What you need to do → Collect each line of the entries that holds the string "Boss".

**** Available data

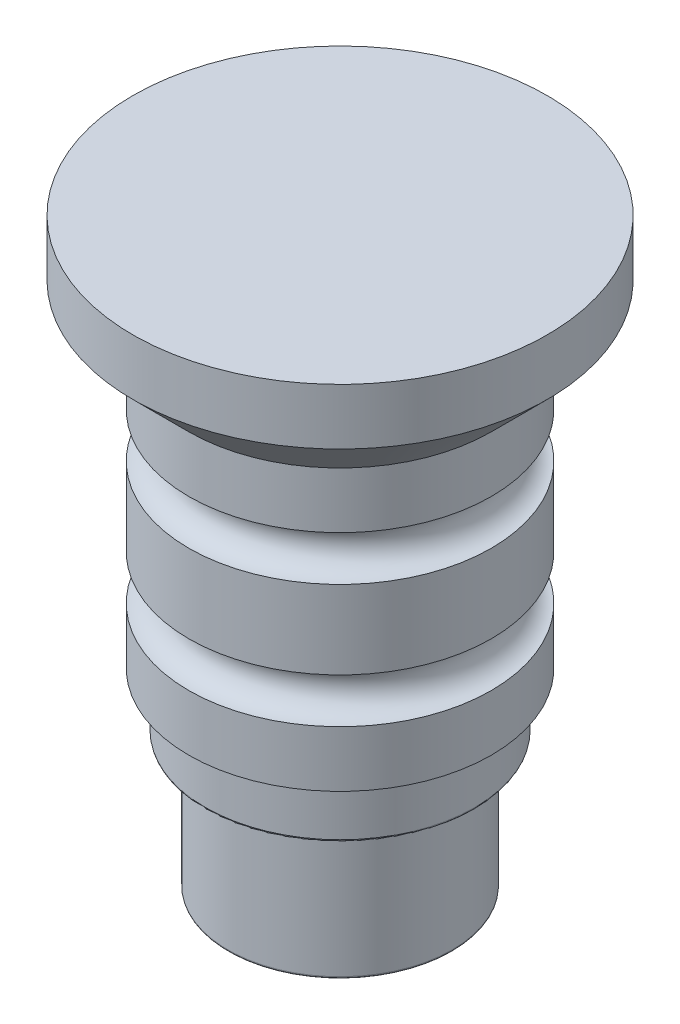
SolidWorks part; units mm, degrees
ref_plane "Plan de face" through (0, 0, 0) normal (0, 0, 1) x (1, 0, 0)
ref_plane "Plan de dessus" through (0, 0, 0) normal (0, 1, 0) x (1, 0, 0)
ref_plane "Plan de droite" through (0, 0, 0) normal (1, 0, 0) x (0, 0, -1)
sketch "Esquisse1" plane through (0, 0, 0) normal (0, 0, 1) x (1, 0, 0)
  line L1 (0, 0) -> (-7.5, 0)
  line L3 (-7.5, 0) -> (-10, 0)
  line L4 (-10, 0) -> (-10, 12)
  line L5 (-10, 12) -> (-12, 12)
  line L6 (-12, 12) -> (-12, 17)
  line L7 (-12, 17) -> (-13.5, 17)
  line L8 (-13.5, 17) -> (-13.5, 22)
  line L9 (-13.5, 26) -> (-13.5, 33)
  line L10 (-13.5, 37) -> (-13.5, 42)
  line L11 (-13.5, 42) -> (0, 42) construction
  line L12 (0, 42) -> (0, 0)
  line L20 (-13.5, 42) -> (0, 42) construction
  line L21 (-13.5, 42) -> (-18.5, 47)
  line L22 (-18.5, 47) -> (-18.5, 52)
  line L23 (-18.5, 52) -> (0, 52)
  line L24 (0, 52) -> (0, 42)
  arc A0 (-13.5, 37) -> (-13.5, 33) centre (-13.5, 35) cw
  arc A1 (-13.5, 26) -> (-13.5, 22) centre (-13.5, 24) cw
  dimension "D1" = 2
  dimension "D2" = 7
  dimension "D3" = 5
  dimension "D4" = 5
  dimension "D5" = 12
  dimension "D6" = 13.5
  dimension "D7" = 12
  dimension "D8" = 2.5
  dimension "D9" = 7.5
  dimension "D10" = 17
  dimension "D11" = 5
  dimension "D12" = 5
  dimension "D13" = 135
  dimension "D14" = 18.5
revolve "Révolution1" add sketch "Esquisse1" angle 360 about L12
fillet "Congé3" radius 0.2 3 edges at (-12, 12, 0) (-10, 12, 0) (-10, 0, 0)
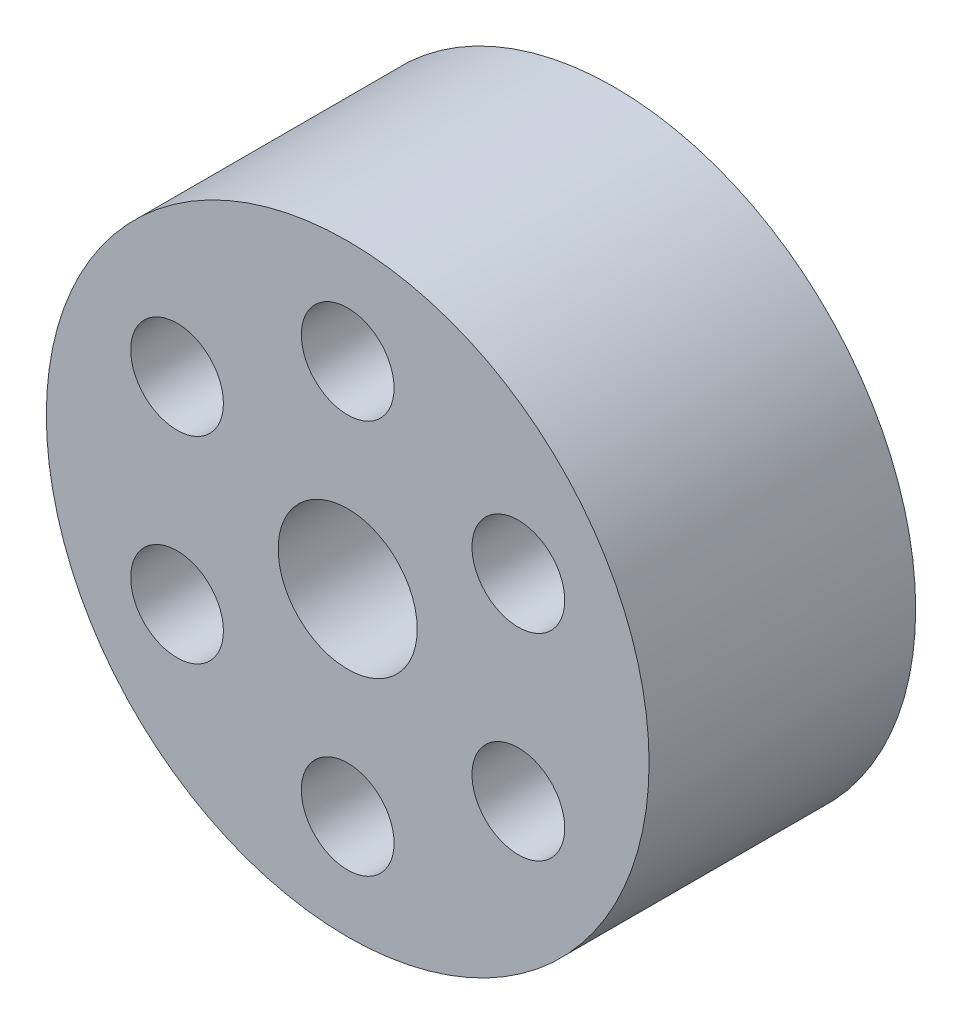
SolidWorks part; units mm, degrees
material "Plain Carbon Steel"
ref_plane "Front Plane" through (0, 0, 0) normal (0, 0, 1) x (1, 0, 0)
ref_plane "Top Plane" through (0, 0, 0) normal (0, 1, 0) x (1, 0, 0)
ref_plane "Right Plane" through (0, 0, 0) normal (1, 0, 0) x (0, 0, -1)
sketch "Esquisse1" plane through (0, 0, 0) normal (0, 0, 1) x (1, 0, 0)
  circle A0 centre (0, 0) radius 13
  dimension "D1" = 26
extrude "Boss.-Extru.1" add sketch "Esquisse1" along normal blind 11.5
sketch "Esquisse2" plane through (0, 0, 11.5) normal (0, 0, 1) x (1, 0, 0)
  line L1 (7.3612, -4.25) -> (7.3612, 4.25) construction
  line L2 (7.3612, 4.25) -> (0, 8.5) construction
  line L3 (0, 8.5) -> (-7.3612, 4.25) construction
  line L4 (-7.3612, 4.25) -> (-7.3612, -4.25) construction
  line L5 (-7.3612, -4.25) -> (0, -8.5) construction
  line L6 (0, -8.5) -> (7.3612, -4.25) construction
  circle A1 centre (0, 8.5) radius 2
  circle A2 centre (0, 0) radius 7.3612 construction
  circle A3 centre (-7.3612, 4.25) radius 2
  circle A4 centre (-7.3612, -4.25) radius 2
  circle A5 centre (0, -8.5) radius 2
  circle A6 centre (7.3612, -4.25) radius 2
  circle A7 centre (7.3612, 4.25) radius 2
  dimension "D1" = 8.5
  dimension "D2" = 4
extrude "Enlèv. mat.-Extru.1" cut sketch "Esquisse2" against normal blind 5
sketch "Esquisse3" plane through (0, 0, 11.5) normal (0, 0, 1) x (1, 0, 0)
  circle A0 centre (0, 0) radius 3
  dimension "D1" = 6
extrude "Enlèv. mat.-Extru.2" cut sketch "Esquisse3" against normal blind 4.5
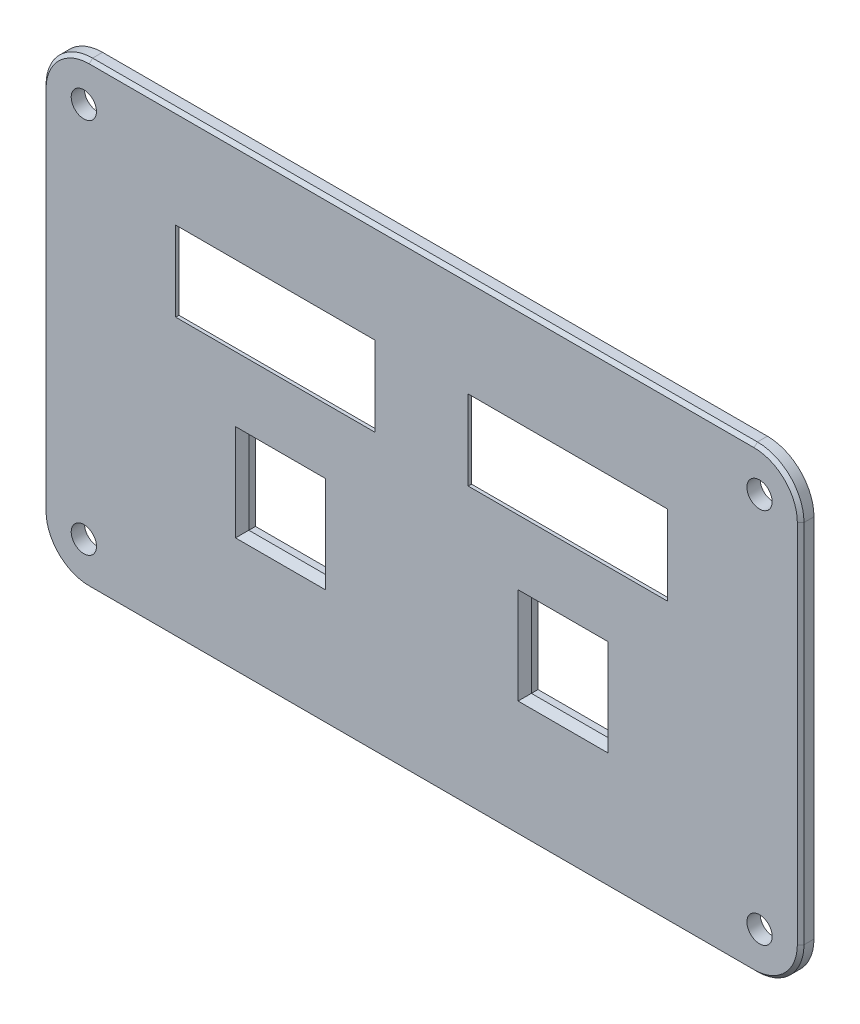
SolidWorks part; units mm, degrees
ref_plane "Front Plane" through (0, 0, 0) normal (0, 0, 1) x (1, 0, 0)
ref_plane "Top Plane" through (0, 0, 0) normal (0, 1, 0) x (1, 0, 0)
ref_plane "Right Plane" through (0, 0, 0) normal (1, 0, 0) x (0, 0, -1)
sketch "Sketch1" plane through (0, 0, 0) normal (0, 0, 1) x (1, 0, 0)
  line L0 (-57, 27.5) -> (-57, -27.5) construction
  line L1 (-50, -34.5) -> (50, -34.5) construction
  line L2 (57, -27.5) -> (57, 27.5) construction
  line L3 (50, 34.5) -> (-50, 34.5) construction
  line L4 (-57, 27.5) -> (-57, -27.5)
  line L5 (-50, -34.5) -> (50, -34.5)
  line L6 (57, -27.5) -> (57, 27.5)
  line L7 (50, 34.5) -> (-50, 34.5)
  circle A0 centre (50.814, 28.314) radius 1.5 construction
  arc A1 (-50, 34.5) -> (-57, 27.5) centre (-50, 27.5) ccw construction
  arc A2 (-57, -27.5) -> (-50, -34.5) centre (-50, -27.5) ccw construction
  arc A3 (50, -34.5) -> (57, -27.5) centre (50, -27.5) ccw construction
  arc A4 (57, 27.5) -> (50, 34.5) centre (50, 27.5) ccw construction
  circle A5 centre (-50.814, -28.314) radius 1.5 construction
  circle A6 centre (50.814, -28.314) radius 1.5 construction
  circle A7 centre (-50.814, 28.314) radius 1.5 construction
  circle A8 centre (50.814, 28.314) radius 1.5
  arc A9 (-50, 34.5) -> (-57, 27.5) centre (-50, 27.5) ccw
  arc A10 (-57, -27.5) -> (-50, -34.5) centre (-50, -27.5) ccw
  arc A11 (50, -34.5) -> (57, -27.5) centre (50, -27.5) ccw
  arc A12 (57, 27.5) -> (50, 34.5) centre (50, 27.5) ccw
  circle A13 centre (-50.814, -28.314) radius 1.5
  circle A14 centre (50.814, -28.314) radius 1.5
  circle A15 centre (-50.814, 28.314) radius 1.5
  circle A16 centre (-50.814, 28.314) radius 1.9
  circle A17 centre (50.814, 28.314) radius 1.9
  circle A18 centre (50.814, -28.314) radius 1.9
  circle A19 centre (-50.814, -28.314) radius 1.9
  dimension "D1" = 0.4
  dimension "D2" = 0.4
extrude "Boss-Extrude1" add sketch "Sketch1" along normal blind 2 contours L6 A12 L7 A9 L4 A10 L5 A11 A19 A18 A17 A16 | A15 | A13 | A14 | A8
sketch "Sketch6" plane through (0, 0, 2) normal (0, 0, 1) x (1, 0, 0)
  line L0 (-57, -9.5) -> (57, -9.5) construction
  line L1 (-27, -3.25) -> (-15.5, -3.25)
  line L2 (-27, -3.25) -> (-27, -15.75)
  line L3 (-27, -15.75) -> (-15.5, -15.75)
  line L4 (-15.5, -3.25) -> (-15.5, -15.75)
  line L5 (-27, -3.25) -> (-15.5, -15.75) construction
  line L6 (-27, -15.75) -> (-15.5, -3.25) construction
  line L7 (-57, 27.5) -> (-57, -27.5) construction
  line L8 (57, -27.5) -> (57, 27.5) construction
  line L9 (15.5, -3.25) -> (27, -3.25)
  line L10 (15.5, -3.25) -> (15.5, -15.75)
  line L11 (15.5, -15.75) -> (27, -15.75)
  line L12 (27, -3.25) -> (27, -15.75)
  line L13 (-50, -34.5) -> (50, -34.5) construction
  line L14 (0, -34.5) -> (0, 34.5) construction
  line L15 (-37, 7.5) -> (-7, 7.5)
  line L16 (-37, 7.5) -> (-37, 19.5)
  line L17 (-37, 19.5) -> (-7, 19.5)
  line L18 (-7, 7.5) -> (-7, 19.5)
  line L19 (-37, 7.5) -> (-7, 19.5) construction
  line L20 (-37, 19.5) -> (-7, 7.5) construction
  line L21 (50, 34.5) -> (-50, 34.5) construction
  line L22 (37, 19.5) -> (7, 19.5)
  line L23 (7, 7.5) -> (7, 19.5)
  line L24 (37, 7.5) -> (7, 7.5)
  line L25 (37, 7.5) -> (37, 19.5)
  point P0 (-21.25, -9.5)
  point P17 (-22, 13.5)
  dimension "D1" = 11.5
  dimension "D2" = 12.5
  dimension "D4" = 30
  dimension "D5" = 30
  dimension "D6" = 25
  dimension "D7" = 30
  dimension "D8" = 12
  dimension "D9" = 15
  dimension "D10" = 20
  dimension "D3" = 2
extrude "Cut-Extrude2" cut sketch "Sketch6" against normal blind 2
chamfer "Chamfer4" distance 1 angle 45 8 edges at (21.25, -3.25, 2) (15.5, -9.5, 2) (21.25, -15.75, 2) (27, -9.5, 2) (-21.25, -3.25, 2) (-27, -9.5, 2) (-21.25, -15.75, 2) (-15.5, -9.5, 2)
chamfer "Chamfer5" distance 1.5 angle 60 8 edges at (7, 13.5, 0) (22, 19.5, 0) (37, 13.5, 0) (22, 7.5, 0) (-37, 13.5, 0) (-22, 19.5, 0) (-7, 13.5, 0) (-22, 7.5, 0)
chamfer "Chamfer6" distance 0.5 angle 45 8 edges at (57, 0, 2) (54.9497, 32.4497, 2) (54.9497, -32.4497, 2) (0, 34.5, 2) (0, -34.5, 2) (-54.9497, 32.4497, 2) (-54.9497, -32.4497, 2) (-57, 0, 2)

********

Your solution →
extrude "Boss.-Extru.1" add sketch "Esquisse1" along normal blind 11.5
extrude "Boss-Extrude1" add sketch "Sketch1" along normal blind 2 contours L6 A12 L7 A9 L4 A10 L5 A11 A19 A18 A17 A16 | A15 | A13 | A14 | A8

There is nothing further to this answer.